I live in Vancouver. I don't have the same snow problems as you guys. I LOVE snow though. Although if we did have SK snow here, I'd be a bit upset. I walk to work, and it's all down hill to work. I guess sliding down the hill would be faster lol. 

It's really nice to have neighbours like that. We live in a house with two families, and a person. Upstairs is a family, we have a big basement. Then there is a batchelorete suit down here as well just across from our suite. But we're the only ones ever to clean up the leaves or shovel the snow. We haven't had a good big dump of snow in a few years. We had a decent one last december, but I didn't get to enjoy it. I had just gotten my tonsils out. My mom and I did go out the day it snowed though (I tried to go out almost everyday for an hour or so, so I didn't go crazy) you know you live in Vancouver when the buses can't handle the snow, it's slushy, and nobody can drive in it. Our bus didn't even go the whole route, he stopped across from the skytrain station and said that was as far as he was going. Now that I think back, I think it was actually very slippery. I remember the bus even slipping.


----------



## countryryder (Jan 27, 2012)

NorthernHorse said:


> Awww you guys talking about deer burgers is making me hungry... time to go digging in the deep freeze to make burgers tonight.
> 
> On the plus note this morning, even tho I woke up to 2 screaming kids, a grumpy dog, and 2 horses thinking that since I didn't feed them at the crack of dawn that they are going to die of starvation, and that it was cold n snowy, I looked out my window and seen that my driveway was nicely plowed and my truck unburied from the snow.... I love having nice neighbours with a big tractor



Aaannd now I have Rodney Atkins 'Friends With Tractors' song stuck in my head,lol.


----------



## cowgirl4753 (Aug 3, 2012)

Our neighbour came and plowed our driveway as well today, love living on the country!
As for deer burgers, got my buck down today! So fresh meat for our freezer!
_Posted via Mobile Device_


----------



## tbstorm (Dec 16, 2010)

Hello fellow Canadians!
Hope its not too late for me to slide on in here  
I'm Paige and Im currently riding and training a QH named Hunter in natural horsemanship. We live just outside of Vancouver. 

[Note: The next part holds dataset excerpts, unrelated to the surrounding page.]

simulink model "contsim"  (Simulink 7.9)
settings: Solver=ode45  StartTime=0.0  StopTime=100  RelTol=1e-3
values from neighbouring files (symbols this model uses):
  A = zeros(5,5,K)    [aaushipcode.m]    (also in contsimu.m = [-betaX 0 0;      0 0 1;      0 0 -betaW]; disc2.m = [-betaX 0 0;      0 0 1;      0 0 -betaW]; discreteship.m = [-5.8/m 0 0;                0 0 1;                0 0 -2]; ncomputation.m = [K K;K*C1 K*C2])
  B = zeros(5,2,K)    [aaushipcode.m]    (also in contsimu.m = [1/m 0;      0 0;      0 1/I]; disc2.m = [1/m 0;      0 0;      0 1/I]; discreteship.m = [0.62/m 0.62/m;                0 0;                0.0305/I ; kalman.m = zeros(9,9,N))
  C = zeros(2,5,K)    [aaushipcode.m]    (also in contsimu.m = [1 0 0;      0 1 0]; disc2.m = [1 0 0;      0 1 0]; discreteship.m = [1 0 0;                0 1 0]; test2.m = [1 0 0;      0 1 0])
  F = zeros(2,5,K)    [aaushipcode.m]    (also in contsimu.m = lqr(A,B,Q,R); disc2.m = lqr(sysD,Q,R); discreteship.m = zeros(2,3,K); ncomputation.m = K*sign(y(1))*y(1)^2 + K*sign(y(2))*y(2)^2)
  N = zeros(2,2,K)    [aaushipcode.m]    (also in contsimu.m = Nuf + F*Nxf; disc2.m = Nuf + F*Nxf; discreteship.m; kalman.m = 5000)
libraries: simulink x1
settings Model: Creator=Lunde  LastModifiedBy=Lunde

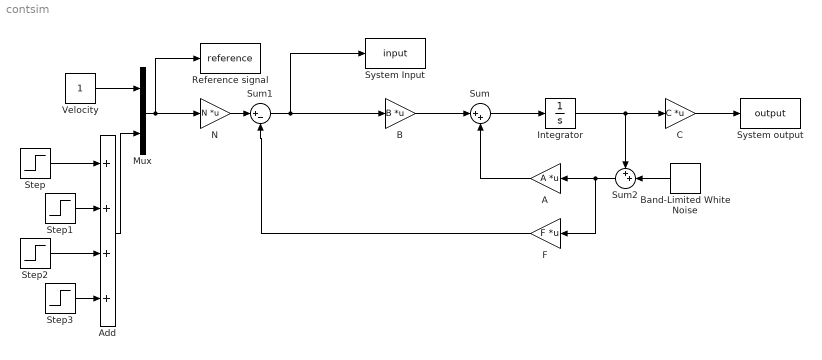
== system contsim ==
  A : Gain  Gain=A  Multiplication=Matrix(K*u)
  Add : Sum  Inputs=++++
  B : Gain  Gain=B  Multiplication=Matrix(K*u)
  Band-Limited White Noise : simulink/Sources/Band-Limited White Noise  Cov=[0.001]  Ts=1  seed=[23341]
  C : Gain  Gain=C  Multiplication=Matrix(K*u)
  F : Gain  Gain=F  Multiplication=Matrix(K*u)
  Integrator : Integrator
  Mux : Mux  Inputs=2
  N : Gain  Gain=N  Multiplication=Matrix(K*u)
  Reference signal : ToWorkspace  VariableName=reference  SampleTime=-1
  Step : Step  Time=0  After=3.14  SampleTime=0
  Step1 : Step  Time=20  After=-3.14  SampleTime=0
  Step2 : Step  Time=40  After=-3.14/2  SampleTime=0
  Step3 : Step  Time=60  After=3.14/2  SampleTime=0
  Sum : Sum  Inputs=|++
  Sum1 : Sum  Inputs=|+-
  Sum2 : Sum  Inputs=++|
  System Input : ToWorkspace  VariableName=input  SampleTime=-1
  System output : ToWorkspace  VariableName=output  SampleTime=-1
  Velocity : Constant
  wires:
  Integrator/1 -> C/1, Sum2/1
  A/1 -> Sum/2
  B/1 -> Sum/1
  Sum/1 -> Integrator/1
  Sum1/1 -> System Input/1, B/1
  F/1 -> Sum1/2
  N/1 -> Sum1/1
  Mux/1 -> N/1, Reference signal/1
  Velocity/1 -> Mux/1
  C/1 -> System output/1
  Sum2/1 -> A/1, F/1
  Band-Limited White Noise/1 -> Sum2/2
  Step1/1 -> Add/2
  Step3/1 -> Add/4
  Step2/1 -> Add/3
  Add/1 -> Mux/2
  Step/1 -> Add/1

All the talk of deer burgers makes me a little sad... and hungry! havnt been out to hunt this year and the seasons winding down :/ 

Anyways ill share a quick photo of Hunter!


----------



## cowgirl4753 (Aug 3, 2012)

Awesome pic! And welcome to the thread! 
_Posted via Mobile Device_


----------



## tbstorm (Dec 16, 2010)

thank you! that was 2 years ago but i still love it!


----------



## KatieQ (Apr 4, 2011)

I am on Vancouver Island, so even milder than Vancouver but I grew up in Alberta (near Edmonton) so I know those snowy scenes (even kind of miss them, oddly enough!) We have had the most awesome weather here so far (fingers crossed). We will get the monsoons though at some point and it will be miserable., the horses will be soaked and freezing, everythimng will be a mucky mess and the mud will be our worst enemy.


----------



## paintedpastures (Jun 21, 2011)

Sunny day out,so decided to saddle up  took my 2 yr old i'm just starting for a spin in the snow!!Was a bit ago since I last rode her but she hasn't forgotten stuff Even braved taking her out of the confines of a ring or corral for the first time! Wasn't particularly warm out actually,the sun is deceiving :lol: But have to take advantage of the few semi warm days we have & those times of feeling bold,as they don't come around often :lol:


----------



## Fahntasia (Dec 19, 2011)

Hello hello fellow canucks!! I'm from Quebec, st-Lazare area, I board my mare (non horsey hubby lives with me and my dog :lol She's a 4 year old TB, I bought her as a 3 year old, totally green and is very very sassy.....love of my life lol! We are at present doing groundwork to level 1 dressage and I will show her next year.

Of course pics are a must! I have so many that its hard to choose, she loves her bran mash and only gets it when she's VERY good, unfortunately she gets it up to her eyeballs and slathers it all over her wall ****!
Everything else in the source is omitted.